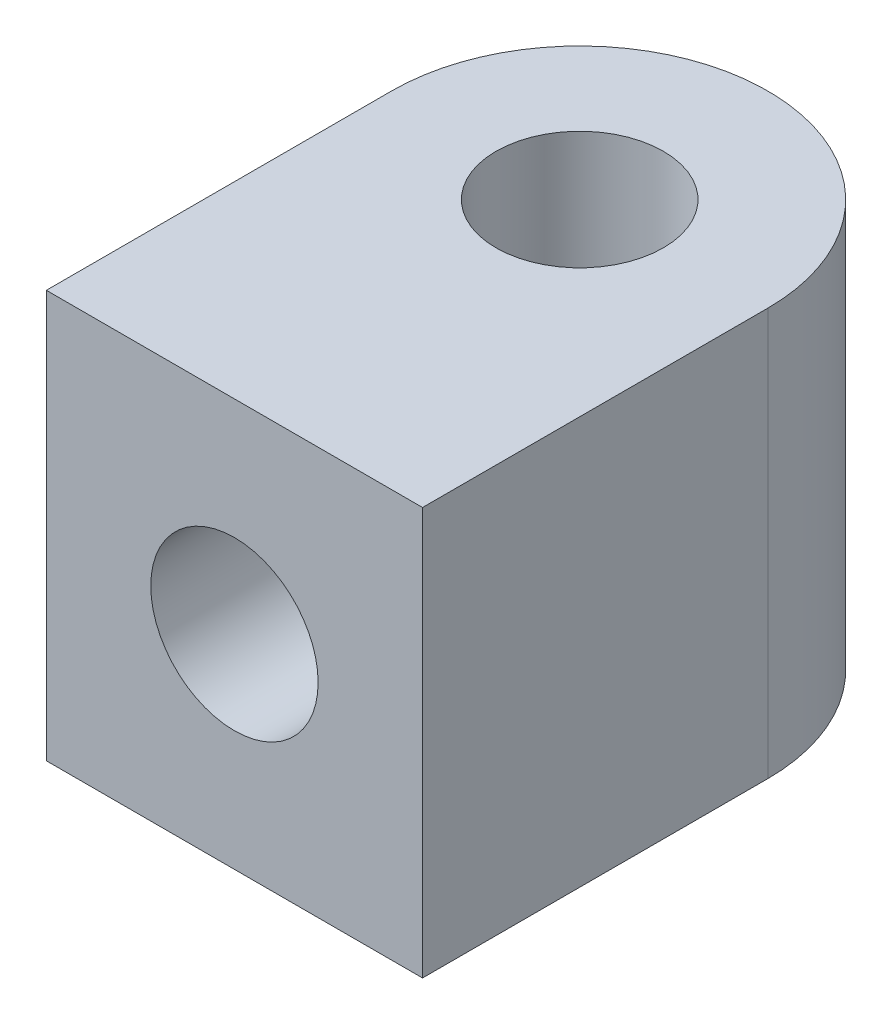
ISO-10303-21;
HEADER;
FILE_DESCRIPTION(('STEP AP214'),'2;1');
FILE_NAME('part.step','',(''),(''),'','','');
FILE_SCHEMA(('AUTOMOTIVE_DESIGN { 1 0 10303 214 1 1 1 1 }'));
ENDSEC;
DATA;
#1=APPLICATION_CONTEXT('core data for automotive mechanical design processes');
#2=APPLICATION_PROTOCOL_DEFINITION('international standard','automotive_design',2000,#1);
#3=PRODUCT_CONTEXT('',#1,'mechanical');
#4=PRODUCT('Part','Part','',(#3));
#5=PRODUCT_RELATED_PRODUCT_CATEGORY('part','',(#4));
#6=PRODUCT_DEFINITION_FORMATION('','',#4);
#7=PRODUCT_DEFINITION_CONTEXT('part definition',#1,'design');
#8=PRODUCT_DEFINITION('design','',#6,#7);
#9=PRODUCT_DEFINITION_SHAPE('','',#8);
#10=(LENGTH_UNIT() NAMED_UNIT(*) SI_UNIT(.MILLI.,.METRE.));
#11=(NAMED_UNIT(*) PLANE_ANGLE_UNIT() SI_UNIT($,.RADIAN.));
#12=(NAMED_UNIT(*) SI_UNIT($,.STERADIAN.) SOLID_ANGLE_UNIT());
#13=UNCERTAINTY_MEASURE_WITH_UNIT(LENGTH_MEASURE(1.E-05),#10,'distance_accuracy_value','');
#14=(GEOMETRIC_REPRESENTATION_CONTEXT(3) GLOBAL_UNCERTAINTY_ASSIGNED_CONTEXT((#13)) GLOBAL_UNIT_ASSIGNED_CONTEXT((#10,
#11,#12)) REPRESENTATION_CONTEXT('',''));
#15=CARTESIAN_POINT('',(0.,0.,0.));
#16=DIRECTION('',(0.,0.,1.));
#17=DIRECTION('',(1.,0.,0.));
#18=AXIS2_PLACEMENT_3D('',#15,#16,#17);
#19=CARTESIAN_POINT('',(0.,3.29311,5.58038));
#20=DIRECTION('',(0.,0.,1.));
#21=DIRECTION('',(1.,0.,0.));
#22=AXIS2_PLACEMENT_3D('',#19,#20,#21);
#23=CYLINDRICAL_SURFACE('',#22,1.35254999999999);
#24=CARTESIAN_POINT('',(0.,3.29311,0.));
#25=DIRECTION('',(0.,-0.707106781186547,0.707106781186547));
#26=DIRECTION('',(0.,0.707106781186547,0.707106781186547));
#27=AXIS2_PLACEMENT_3D('',#24,#25,#26);
#28=ELLIPSE('',#27,1.91279455378772,1.35254999999999);
#29=CARTESIAN_POINT('',(-1.35254999999999,3.29311,0.));
#30=VERTEX_POINT('',#29);
#31=CARTESIAN_POINT('',(1.35254999999999,3.29311,0.));
#32=VERTEX_POINT('',#31);
#33=EDGE_CURVE('E65',#30,#32,#28,.F.);
#34=ORIENTED_EDGE('',*,*,#33,.T.);
#35=CARTESIAN_POINT('',(0.,3.29311,0.));
#36=DIRECTION('',(0.,0.707106781186547,0.707106781186547));
#37=DIRECTION('',(0.,-0.707106781186547,0.707106781186547));
#38=AXIS2_PLACEMENT_3D('',#35,#36,#37);
#39=ELLIPSE('',#38,1.91279455378772,1.35254999999999);
#40=EDGE_CURVE('E20',#32,#30,#39,.F.);
#41=ORIENTED_EDGE('',*,*,#40,.T.);
#42=EDGE_LOOP('',(#34,#41));
#43=FACE_BOUND('',#42,.T.);
#44=CARTESIAN_POINT('',(0.,3.29311,5.58038));
#45=DIRECTION('',(0.,0.,1.));
#46=DIRECTION('',(1.,0.,0.));
#47=AXIS2_PLACEMENT_3D('',#44,#45,#46);
#48=CIRCLE('',#47,1.35254999999999);
#49=CARTESIAN_POINT('',(1.35254999999999,3.29311,5.58038));
#50=VERTEX_POINT('',#49);
#51=EDGE_CURVE('E74',#50,#50,#48,.T.);
#52=ORIENTED_EDGE('',*,*,#51,.T.);
#53=EDGE_LOOP('',(#52));
#54=FACE_BOUND('',#53,.T.);
#55=ADVANCED_FACE('F17',(#43,#54),#23,.F.);
#56=CARTESIAN_POINT('',(0.,0.,0.));
#57=DIRECTION('',(0.,1.,0.));
#58=DIRECTION('',(0.,0.,1.));
#59=AXIS2_PLACEMENT_3D('',#56,#57,#58);
#60=PLANE('',#59);
#61=DIRECTION('',(0.,0.,1.));
#62=VECTOR('',#61,1.);
#63=CARTESIAN_POINT('',(3.04038,0.,5.58038));
#64=LINE('',#63,#62);
#65=CARTESIAN_POINT('',(3.04038,0.,0.));
#66=VERTEX_POINT('',#65);
#67=CARTESIAN_POINT('',(3.04038,0.,5.58038));
#68=VERTEX_POINT('',#67);
#69=EDGE_CURVE('E83',#66,#68,#64,.T.);
#70=ORIENTED_EDGE('',*,*,#69,.T.);
#71=DIRECTION('',(-1.,0.,0.));
#72=VECTOR('',#71,1.);
#73=CARTESIAN_POINT('',(-3.04038,0.,5.58038));
#74=LINE('',#73,#72);
#75=CARTESIAN_POINT('',(-3.04038,0.,5.58038));
#76=VERTEX_POINT('',#75);
#77=EDGE_CURVE('E88',#68,#76,#74,.T.);
#78=ORIENTED_EDGE('',*,*,#77,.T.);
#79=DIRECTION('',(0.,0.,-1.));
#80=VECTOR('',#79,1.);
#81=CARTESIAN_POINT('',(-3.04038,0.,0.));
#82=LINE('',#81,#80);
#83=CARTESIAN_POINT('',(-3.04038,0.,0.));
#84=VERTEX_POINT('',#83);
#85=EDGE_CURVE('E78',#76,#84,#82,.T.);
#86=ORIENTED_EDGE('',*,*,#85,.T.);
#87=CARTESIAN_POINT('',(0.,0.,0.));
#88=DIRECTION('',(0.,-1.,0.));
#89=DIRECTION('',(0.,0.,-1.));
#90=AXIS2_PLACEMENT_3D('',#87,#88,#89);
#91=CIRCLE('',#90,3.04038);
#92=EDGE_CURVE('E69',#66,#84,#91,.F.);
#93=ORIENTED_EDGE('',*,*,#92,.F.);
#94=EDGE_LOOP('',(#70,#78,#86,#93));
#95=FACE_BOUND('',#94,.T.);
#96=CARTESIAN_POINT('',(0.,0.,0.));
#97=DIRECTION('',(0.,1.,0.));
#98=DIRECTION('',(0.,0.,1.));
#99=AXIS2_PLACEMENT_3D('',#96,#97,#98);
#100=CIRCLE('',#99,1.35254999999999);
#101=CARTESIAN_POINT('',(0.,0.,1.35254999999999));
#102=VERTEX_POINT('',#101);
#103=EDGE_CURVE('E67',#102,#102,#100,.T.);
#104=ORIENTED_EDGE('',*,*,#103,.T.);
#105=EDGE_LOOP('',(#104));
#106=FACE_BOUND('',#105,.T.);
#107=ADVANCED_FACE('F118',(#95,#106),#60,.F.);
#108=CARTESIAN_POINT('',(0.,6.58622,0.));
#109=DIRECTION('',(0.,1.,0.));
#110=DIRECTION('',(0.,0.,1.));
#111=AXIS2_PLACEMENT_3D('',#108,#109,#110);
#112=CYLINDRICAL_SURFACE('',#111,1.35254999999999);
#113=ORIENTED_EDGE('',*,*,#40,.F.);
#114=ORIENTED_EDGE('',*,*,#33,.F.);
#115=EDGE_LOOP('',(#113,#114));
#116=FACE_BOUND('',#115,.T.);
#117=CARTESIAN_POINT('',(0.,6.58622,0.));
#118=DIRECTION('',(0.,1.,0.));
#119=DIRECTION('',(0.,0.,1.));
#120=AXIS2_PLACEMENT_3D('',#117,#118,#119);
#121=CIRCLE('',#120,1.35254999999999);
#122=CARTESIAN_POINT('',(0.,6.58622,1.35254999999999));
#123=VERTEX_POINT('',#122);
#124=EDGE_CURVE('E79',#123,#123,#121,.F.);
#125=ORIENTED_EDGE('',*,*,#124,.F.);
#126=EDGE_LOOP('',(#125));
#127=FACE_BOUND('',#126,.T.);
#128=ORIENTED_EDGE('',*,*,#103,.F.);
#129=EDGE_LOOP('',(#128));
#130=FACE_BOUND('',#129,.T.);
#131=ADVANCED_FACE('F63',(#116,#127,#130),#112,.F.);
#132=CARTESIAN_POINT('',(0.,6.58622,0.));
#133=DIRECTION('',(0.,-1.,0.));
#134=DIRECTION('',(0.,0.,-1.));
#135=AXIS2_PLACEMENT_3D('',#132,#133,#134);
#136=CYLINDRICAL_SURFACE('',#135,3.04038);
#137=ORIENTED_EDGE('',*,*,#92,.T.);
#138=DIRECTION('',(0.,1.,0.));
#139=VECTOR('',#138,1.);
#140=CARTESIAN_POINT('',(-3.04038,6.58622,0.));
#141=LINE('',#140,#139);
#142=CARTESIAN_POINT('',(-3.04038,6.58622,0.));
#143=VERTEX_POINT('',#142);
#144=EDGE_CURVE('E73',#84,#143,#141,.T.);
#145=ORIENTED_EDGE('',*,*,#144,.T.);
#146=CARTESIAN_POINT('',(0.,6.58622,0.));
#147=DIRECTION('',(0.,-1.,0.));
#148=DIRECTION('',(0.,0.,-1.));
#149=AXIS2_PLACEMENT_3D('',#146,#147,#148);
#150=CIRCLE('',#149,3.04038);
#151=CARTESIAN_POINT('',(3.04038,6.58622,0.));
#152=VERTEX_POINT('',#151);
#153=EDGE_CURVE('E82',#152,#143,#150,.F.);
#154=ORIENTED_EDGE('',*,*,#153,.F.);
#155=DIRECTION('',(0.,1.,0.));
#156=VECTOR('',#155,1.);
#157=CARTESIAN_POINT('',(3.04038,6.58622,0.));
#158=LINE('',#157,#156);
#159=EDGE_CURVE('E93',#152,#66,#158,.F.);
#160=ORIENTED_EDGE('',*,*,#159,.T.);
#161=EDGE_LOOP('',(#137,#145,#154,#160));
#162=FACE_BOUND('',#161,.T.);
#163=ADVANCED_FACE('F133',(#162),#136,.T.);
#164=CARTESIAN_POINT('',(-3.04038,6.58622,0.));
#165=DIRECTION('',(1.,0.,0.));
#166=DIRECTION('',(0.,0.,-1.));
#167=AXIS2_PLACEMENT_3D('',#164,#165,#166);
#168=PLANE('',#167);
#169=DIRECTION('',(0.,1.,0.));
#170=VECTOR('',#169,1.);
#171=CARTESIAN_POINT('',(-3.04038,6.58622,5.58038));
#172=LINE('',#171,#170);
#173=CARTESIAN_POINT('',(-3.04038,6.58622,5.58038));
#174=VERTEX_POINT('',#173);
#175=EDGE_CURVE('E77',#76,#174,#172,.T.);
#176=ORIENTED_EDGE('',*,*,#175,.T.);
#177=DIRECTION('',(0.,0.,1.));
#178=VECTOR('',#177,1.);
#179=CARTESIAN_POINT('',(-3.04038,6.58622,0.));
#180=LINE('',#179,#178);
#181=EDGE_CURVE('E85',#143,#174,#180,.T.);
#182=ORIENTED_EDGE('',*,*,#181,.F.);
#183=ORIENTED_EDGE('',*,*,#144,.F.);
#184=ORIENTED_EDGE('',*,*,#85,.F.);
#185=EDGE_LOOP('',(#176,#182,#183,#184));
#186=FACE_BOUND('',#185,.T.);
#187=ADVANCED_FACE('F109',(#186),#168,.F.);
#188=CARTESIAN_POINT('',(-3.04038,6.58622,5.58038));
#189=DIRECTION('',(0.,0.,-1.));
#190=DIRECTION('',(-1.,0.,0.));
#191=AXIS2_PLACEMENT_3D('',#188,#189,#190);
#192=PLANE('',#191);
#193=DIRECTION('',(0.,1.,0.));
#194=VECTOR('',#193,1.);
#195=CARTESIAN_POINT('',(3.04038,6.58622,5.58038));
#196=LINE('',#195,#194);
#197=CARTESIAN_POINT('',(3.04038,6.58622,5.58038));
#198=VERTEX_POINT('',#197);
#199=EDGE_CURVE('E35',#68,#198,#196,.T.);
#200=ORIENTED_EDGE('',*,*,#199,.T.);
#201=DIRECTION('',(1.,0.,0.));
#202=VECTOR('',#201,1.);
#203=CARTESIAN_POINT('',(0.,6.58622,5.58038));
#204=LINE('',#203,#202);
#205=EDGE_CURVE('E26',#174,#198,#204,.T.);
#206=ORIENTED_EDGE('',*,*,#205,.F.);
#207=ORIENTED_EDGE('',*,*,#175,.F.);
#208=ORIENTED_EDGE('',*,*,#77,.F.);
#209=EDGE_LOOP('',(#200,#206,#207,#208));
#210=FACE_BOUND('',#209,.T.);
#211=ORIENTED_EDGE('',*,*,#51,.F.);
#212=EDGE_LOOP('',(#211));
#213=FACE_BOUND('',#212,.T.);
#214=ADVANCED_FACE('F111',(#210,#213),#192,.F.);
#215=CARTESIAN_POINT('',(3.04038,6.58622,5.58038));
#216=DIRECTION('',(-1.,0.,0.));
#217=DIRECTION('',(0.,0.,1.));
#218=AXIS2_PLACEMENT_3D('',#215,#216,#217);
#219=PLANE('',#218);
#220=ORIENTED_EDGE('',*,*,#159,.F.);
#221=DIRECTION('',(0.,0.,1.));
#222=VECTOR('',#221,1.);
#223=CARTESIAN_POINT('',(3.04038,6.58622,0.));
#224=LINE('',#223,#222);
#225=EDGE_CURVE('E10',#198,#152,#224,.F.);
#226=ORIENTED_EDGE('',*,*,#225,.F.);
#227=ORIENTED_EDGE('',*,*,#199,.F.);
#228=ORIENTED_EDGE('',*,*,#69,.F.);
#229=EDGE_LOOP('',(#220,#226,#227,#228));
#230=FACE_BOUND('',#229,.T.);
#231=ADVANCED_FACE('F114',(#230),#219,.F.);
#232=CARTESIAN_POINT('',(0.,6.58622,0.));
#233=DIRECTION('',(0.,1.,0.));
#234=DIRECTION('',(0.,0.,1.));
#235=AXIS2_PLACEMENT_3D('',#232,#233,#234);
#236=PLANE('',#235);
#237=ORIENTED_EDGE('',*,*,#205,.T.);
#238=ORIENTED_EDGE('',*,*,#225,.T.);
#239=ORIENTED_EDGE('',*,*,#153,.T.);
#240=ORIENTED_EDGE('',*,*,#181,.T.);
#241=EDGE_LOOP('',(#237,#238,#239,#240));
#242=FACE_BOUND('',#241,.T.);
#243=ORIENTED_EDGE('',*,*,#124,.T.);
#244=EDGE_LOOP('',(#243));
#245=FACE_BOUND('',#244,.T.);
#246=ADVANCED_FACE('F105',(#242,#245),#236,.T.);
#247=CLOSED_SHELL('',(#55,#107,#131,#163,#187,#214,#231,#246));
#248=MANIFOLD_SOLID_BREP('B1',#247);
#249=ADVANCED_BREP_SHAPE_REPRESENTATION('',(#18,#248),#14);
#250=SHAPE_DEFINITION_REPRESENTATION(#9,#249);
ENDSEC;
END-ISO-10303-21;

====

> **About this task**:
Please copy, exactly and with nothing else, the lines above beginning at the line that has "#133=DIRECTION('',(0.,-1.,0.));" and ending with the line that has "#143=VERTEX_POINT('',#142);".

> **Answer area**:
#133=DIRECTION('',(0.,-1.,0.));
#134=DIRECTION('',(0.,0.,-1.));
#135=AXIS2_PLACEMENT_3D('',#132,#133,#134);
#136=CYLINDRICAL_SURFACE('',#135,3.04038);
#137=ORIENTED_EDGE('',*,*,#92,.T.);
#138=DIRECTION('',(0.,1.,0.));
#139=VECTOR('',#138,1.);
#140=CARTESIAN_POINT('',(-3.04038,6.58622,0.));
#141=LINE('',#140,#139);
#142=CARTESIAN_POINT('',(-3.04038,6.58622,0.));
#143=VERTEX_POINT('',#142);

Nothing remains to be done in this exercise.